Now realize that this is exactly what’s going on with college football coaches who vote each week on the rankings of teams that determines BCS bowls and championships. They see the weaker argument as the stronger under the stimulus of a biasing treatment like financial incentive. Consider this press report on the study.
Research conducted by Yale University economist Matthew Kotchen and University of Calif.-Santa Barbara political scientist Matthew Potoski, which covers the USA Today coaches poll administered by the American Football Coaches Association from 2005 to 2010, shows that coaches rank their own teams, teams in their own conference, and teams that they’ve defeated more favorably than merited. The researchers argue those biases skew the results of the poll, which is one of the components in the system used to determine which teams get to play in major bowl games, and what two teams go to the national championship game.
The abstract of the study admirably explains itself.
This paper provides a study on conflicts of interest among college football coaches participating in the USA Today Coaches Poll of top 25 teams. The Poll provides a unique empirical setting that overcomes many of the challenges inherent in conflict of interest studies, because many agents are evaluating the same thing, private incentives to distort evaluations are clearly defined and measurable, and there exists an alternative source of computer rankings that is bias free. Using individual coach ballots between 2005 and 2010, we find that coaches distort their rankings to reflect their own team’s reputation and financial interests. On average, coaches rank teams from their own athletic conference nearly a full position more favorably and boost their own team’s ranking more than two full positions. Coaches also rank teams they defeated more favorably, thereby making their own team look better. When it comes to ranking teams contending for one of the high-profile Bowl Championship Series (BCS) games, coaches favor those teams that generate higher financial payoffs for their own team. Reflecting the structure of payoff disbursements, coaches from non-BCS conferences band together, while those from BCS conferences more narrowly favor teams in their own conference. Among all coaches an additional payoff between $3.3 and $5 million induces a more favorable ranking of one position. Moreover, for each increase in a contending team’s payoff equal to 10 percent of a coach’s football budget, coaches respond with more favorable rankings of half a position, and this effect is more than twice as large when coaches rank teams outside the top 10.

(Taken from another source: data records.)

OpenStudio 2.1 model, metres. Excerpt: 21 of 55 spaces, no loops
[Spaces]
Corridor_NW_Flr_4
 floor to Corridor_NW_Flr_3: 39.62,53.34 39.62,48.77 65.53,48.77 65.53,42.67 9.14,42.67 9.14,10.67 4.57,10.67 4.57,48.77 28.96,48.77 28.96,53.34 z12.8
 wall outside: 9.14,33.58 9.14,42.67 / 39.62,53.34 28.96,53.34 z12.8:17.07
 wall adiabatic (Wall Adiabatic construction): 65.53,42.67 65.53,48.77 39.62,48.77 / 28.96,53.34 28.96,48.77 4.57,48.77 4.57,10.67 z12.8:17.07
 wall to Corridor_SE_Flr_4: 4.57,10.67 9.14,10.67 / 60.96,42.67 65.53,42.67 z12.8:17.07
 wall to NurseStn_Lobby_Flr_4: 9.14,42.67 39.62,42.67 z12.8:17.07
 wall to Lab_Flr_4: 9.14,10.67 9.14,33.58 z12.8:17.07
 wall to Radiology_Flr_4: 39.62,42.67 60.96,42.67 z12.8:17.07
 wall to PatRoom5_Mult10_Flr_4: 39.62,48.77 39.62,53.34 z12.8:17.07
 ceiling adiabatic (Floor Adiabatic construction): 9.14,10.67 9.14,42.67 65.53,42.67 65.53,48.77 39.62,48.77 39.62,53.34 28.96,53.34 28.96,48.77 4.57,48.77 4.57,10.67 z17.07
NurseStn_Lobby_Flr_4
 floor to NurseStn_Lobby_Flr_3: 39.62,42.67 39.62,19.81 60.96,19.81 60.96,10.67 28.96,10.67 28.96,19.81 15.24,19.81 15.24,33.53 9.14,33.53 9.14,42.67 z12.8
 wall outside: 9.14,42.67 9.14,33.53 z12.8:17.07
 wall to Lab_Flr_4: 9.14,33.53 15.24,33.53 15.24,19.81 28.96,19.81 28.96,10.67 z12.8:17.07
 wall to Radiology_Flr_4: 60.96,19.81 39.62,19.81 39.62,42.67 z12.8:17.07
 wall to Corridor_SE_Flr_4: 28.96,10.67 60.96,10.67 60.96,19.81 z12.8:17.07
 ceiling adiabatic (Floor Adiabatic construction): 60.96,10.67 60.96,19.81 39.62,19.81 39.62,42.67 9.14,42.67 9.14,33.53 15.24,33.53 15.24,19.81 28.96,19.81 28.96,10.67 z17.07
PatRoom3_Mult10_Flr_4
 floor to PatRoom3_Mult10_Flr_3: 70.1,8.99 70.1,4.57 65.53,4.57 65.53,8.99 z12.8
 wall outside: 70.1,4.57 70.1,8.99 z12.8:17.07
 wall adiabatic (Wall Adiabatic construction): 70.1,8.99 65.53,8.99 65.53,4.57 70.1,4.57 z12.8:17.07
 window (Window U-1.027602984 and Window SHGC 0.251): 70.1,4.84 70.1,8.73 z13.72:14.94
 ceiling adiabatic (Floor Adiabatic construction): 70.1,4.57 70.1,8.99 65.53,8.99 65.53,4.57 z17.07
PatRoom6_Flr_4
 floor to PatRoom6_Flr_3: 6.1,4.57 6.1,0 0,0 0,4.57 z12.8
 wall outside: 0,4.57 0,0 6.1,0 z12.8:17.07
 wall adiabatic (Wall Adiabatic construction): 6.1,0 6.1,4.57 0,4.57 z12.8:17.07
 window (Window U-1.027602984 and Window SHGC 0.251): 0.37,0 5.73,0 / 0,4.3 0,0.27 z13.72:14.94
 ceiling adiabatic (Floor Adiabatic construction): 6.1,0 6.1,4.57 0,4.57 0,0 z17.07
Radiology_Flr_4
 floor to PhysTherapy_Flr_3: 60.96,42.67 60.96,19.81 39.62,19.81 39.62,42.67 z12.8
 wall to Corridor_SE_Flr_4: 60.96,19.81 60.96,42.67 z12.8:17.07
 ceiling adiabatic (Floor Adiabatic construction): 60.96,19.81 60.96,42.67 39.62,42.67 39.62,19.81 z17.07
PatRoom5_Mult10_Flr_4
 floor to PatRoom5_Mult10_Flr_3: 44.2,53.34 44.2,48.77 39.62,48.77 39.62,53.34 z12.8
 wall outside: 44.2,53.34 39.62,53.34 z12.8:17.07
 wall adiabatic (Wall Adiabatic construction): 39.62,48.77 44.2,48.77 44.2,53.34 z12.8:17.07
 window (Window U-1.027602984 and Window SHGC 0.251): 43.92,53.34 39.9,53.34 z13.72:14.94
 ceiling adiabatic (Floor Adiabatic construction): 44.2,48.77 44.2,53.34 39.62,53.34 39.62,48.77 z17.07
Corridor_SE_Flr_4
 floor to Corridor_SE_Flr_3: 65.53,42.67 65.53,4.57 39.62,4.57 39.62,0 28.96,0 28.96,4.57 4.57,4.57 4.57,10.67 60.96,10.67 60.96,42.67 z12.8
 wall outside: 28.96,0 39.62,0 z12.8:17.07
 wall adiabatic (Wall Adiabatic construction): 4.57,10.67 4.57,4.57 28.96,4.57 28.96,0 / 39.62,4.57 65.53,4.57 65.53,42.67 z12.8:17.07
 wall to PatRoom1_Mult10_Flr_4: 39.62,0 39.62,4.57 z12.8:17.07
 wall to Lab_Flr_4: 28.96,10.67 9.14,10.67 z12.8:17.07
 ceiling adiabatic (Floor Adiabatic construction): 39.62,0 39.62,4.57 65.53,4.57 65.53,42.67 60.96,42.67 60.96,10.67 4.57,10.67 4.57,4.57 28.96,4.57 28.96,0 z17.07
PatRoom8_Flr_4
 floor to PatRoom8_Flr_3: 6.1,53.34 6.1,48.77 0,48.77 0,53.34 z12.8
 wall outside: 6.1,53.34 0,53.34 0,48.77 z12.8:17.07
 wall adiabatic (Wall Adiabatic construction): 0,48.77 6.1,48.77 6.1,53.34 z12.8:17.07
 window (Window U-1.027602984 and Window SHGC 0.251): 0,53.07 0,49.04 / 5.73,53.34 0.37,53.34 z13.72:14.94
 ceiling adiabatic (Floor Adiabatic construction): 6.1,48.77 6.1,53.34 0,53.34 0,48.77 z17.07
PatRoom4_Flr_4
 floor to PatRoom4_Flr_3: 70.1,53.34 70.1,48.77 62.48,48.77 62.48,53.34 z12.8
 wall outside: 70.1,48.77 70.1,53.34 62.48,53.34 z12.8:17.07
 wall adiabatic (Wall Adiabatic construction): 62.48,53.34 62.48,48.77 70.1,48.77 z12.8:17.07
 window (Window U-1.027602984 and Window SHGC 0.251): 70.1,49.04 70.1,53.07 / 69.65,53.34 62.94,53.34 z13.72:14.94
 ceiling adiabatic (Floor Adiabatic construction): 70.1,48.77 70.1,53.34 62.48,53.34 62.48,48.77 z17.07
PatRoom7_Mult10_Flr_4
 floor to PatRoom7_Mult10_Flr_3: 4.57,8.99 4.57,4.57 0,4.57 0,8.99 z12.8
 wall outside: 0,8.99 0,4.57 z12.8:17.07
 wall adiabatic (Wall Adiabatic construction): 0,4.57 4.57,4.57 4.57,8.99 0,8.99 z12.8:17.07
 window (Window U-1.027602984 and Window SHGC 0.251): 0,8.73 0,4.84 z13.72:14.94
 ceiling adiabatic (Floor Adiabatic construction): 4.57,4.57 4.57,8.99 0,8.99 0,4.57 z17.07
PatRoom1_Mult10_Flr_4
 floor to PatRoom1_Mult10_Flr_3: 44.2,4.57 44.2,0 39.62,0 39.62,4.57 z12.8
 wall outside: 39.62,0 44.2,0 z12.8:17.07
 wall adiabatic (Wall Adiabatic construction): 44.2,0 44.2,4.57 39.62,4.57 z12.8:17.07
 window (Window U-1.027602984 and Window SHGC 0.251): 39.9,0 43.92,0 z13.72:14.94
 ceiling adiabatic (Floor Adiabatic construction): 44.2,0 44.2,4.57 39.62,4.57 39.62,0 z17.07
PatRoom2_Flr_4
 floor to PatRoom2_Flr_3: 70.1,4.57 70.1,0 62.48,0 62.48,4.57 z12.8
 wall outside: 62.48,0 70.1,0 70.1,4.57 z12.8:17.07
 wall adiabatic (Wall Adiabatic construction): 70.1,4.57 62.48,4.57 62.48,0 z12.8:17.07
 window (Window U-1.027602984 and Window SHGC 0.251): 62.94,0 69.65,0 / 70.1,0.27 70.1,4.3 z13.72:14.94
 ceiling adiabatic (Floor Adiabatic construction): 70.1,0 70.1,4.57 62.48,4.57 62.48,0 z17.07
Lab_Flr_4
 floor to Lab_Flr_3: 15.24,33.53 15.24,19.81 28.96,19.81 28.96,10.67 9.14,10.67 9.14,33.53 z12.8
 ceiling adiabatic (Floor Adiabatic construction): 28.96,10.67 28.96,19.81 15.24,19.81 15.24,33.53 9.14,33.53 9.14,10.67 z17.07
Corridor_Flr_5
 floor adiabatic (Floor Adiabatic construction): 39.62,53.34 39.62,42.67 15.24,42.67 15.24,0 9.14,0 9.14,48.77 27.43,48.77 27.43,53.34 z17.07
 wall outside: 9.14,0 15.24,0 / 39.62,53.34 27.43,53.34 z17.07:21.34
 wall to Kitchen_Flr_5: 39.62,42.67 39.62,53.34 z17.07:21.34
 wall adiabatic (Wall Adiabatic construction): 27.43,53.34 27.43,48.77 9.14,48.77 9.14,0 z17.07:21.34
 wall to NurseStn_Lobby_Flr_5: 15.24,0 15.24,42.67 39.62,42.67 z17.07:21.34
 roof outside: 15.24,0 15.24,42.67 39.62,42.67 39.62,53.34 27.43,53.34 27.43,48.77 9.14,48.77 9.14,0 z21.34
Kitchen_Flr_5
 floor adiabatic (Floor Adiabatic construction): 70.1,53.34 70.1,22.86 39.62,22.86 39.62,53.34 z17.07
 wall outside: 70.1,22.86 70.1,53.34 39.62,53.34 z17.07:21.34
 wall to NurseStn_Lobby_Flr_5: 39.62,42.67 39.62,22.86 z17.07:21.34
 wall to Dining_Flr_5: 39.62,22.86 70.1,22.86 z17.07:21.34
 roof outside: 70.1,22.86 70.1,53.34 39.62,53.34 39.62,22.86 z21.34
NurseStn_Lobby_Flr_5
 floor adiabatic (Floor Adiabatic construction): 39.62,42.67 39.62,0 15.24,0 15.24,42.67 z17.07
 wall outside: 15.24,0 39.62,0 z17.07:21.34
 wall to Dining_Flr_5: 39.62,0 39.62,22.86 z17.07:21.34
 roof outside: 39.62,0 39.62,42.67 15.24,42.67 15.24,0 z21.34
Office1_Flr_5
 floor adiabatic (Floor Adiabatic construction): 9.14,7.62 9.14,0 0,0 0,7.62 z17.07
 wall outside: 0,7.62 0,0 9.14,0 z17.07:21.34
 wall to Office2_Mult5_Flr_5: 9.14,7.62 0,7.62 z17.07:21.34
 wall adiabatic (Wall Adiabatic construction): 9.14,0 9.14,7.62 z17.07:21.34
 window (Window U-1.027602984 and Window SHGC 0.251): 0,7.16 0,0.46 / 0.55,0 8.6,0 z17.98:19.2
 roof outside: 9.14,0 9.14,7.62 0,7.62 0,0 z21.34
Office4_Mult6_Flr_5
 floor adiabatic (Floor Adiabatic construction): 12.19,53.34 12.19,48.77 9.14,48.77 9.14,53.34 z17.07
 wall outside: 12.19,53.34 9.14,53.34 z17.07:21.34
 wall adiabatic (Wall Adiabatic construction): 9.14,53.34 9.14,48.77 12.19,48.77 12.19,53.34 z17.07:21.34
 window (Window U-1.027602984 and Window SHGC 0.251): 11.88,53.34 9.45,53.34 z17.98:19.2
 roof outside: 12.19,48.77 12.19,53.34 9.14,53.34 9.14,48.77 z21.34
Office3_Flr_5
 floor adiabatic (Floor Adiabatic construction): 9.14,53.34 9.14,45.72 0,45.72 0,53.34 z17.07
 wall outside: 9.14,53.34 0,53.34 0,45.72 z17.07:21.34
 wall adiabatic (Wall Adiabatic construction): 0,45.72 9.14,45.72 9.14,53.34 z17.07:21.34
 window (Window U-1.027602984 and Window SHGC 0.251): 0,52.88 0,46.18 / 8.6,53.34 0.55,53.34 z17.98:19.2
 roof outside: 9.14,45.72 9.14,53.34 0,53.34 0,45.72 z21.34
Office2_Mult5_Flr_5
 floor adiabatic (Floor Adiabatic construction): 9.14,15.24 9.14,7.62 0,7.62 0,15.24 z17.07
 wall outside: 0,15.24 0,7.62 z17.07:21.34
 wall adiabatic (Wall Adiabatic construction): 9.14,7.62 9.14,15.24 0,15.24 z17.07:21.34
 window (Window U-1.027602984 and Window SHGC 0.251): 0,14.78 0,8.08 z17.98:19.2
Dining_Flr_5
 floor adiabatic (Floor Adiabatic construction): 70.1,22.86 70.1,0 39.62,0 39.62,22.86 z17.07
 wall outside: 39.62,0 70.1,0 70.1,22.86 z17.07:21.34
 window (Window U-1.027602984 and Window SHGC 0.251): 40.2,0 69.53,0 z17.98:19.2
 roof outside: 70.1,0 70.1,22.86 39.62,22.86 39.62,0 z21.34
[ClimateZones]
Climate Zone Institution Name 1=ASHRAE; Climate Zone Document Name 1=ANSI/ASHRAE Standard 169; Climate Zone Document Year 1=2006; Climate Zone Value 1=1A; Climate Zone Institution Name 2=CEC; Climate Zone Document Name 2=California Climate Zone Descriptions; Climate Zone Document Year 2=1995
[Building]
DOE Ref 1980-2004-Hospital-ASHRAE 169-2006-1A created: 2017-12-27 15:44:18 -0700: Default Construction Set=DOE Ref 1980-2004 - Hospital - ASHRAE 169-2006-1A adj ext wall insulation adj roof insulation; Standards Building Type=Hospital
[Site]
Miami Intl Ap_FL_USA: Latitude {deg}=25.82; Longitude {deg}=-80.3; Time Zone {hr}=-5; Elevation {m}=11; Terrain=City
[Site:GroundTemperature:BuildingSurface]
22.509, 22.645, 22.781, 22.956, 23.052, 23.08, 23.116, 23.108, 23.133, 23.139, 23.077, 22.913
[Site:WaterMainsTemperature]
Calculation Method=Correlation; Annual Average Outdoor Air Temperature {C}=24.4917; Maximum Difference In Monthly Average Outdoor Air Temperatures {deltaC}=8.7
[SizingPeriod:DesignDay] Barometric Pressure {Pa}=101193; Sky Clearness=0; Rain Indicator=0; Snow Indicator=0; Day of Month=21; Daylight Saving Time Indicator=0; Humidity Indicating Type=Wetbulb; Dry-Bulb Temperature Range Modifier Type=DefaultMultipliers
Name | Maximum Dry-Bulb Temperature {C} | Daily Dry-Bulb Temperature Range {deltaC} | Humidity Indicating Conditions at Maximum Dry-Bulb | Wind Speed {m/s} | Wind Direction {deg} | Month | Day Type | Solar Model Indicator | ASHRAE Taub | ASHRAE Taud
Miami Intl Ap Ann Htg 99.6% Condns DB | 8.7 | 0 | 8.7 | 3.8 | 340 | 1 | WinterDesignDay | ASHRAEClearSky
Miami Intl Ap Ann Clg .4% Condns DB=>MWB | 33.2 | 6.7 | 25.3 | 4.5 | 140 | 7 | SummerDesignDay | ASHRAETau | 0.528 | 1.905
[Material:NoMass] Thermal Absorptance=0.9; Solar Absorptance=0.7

You can read the gory details in the extended paper (pdf) if you like, but that Abstract gives it up. Financial incentives bias coaches and you see it in how they express their attitudes on Argument Quality (their ratings of college football teams). Every way you can identify self relevance – whether My team, My conference, My opponent versus Their team, conference, or opponent – the researchers document the Biased outcome. When it is Mine, it is Better and when it is Yours is it Worse.
In this instance we can interpret the computer rankings of football teams as the Objective Processing version of this experiment. Given no self interest, where do the different Arguments take you? Now. Compare the computer Objective side of the experiment to the human Biased side. If, indeed, there is no Biased Processing in coaches with financial incentives then there should be no differences between the attitudes for “computer voters” versus human voters.
While the careful quantitative analysis reveals the markers, it is the persuasion theory that predicts, describes, and explains the results. Bias alters how you process Arguments, making the Weak seem Strong, when it favors you, and the Strong seem Weak, when it doesn’t.
P.S. One of the oldest attitude experiments ever published (pdf) was entitled, They Saw A Game, and it studied the attitude differences between fans at a college football game. Here’s a nice description of the study if you don’t want to read the pdf. The more things change, the more they stay the same, right?
P.P.S. Of course, since this was published in 1954 and only available as a weird looking scanned PDF, you know it’s not true. We need an MRI replication to prove it, right?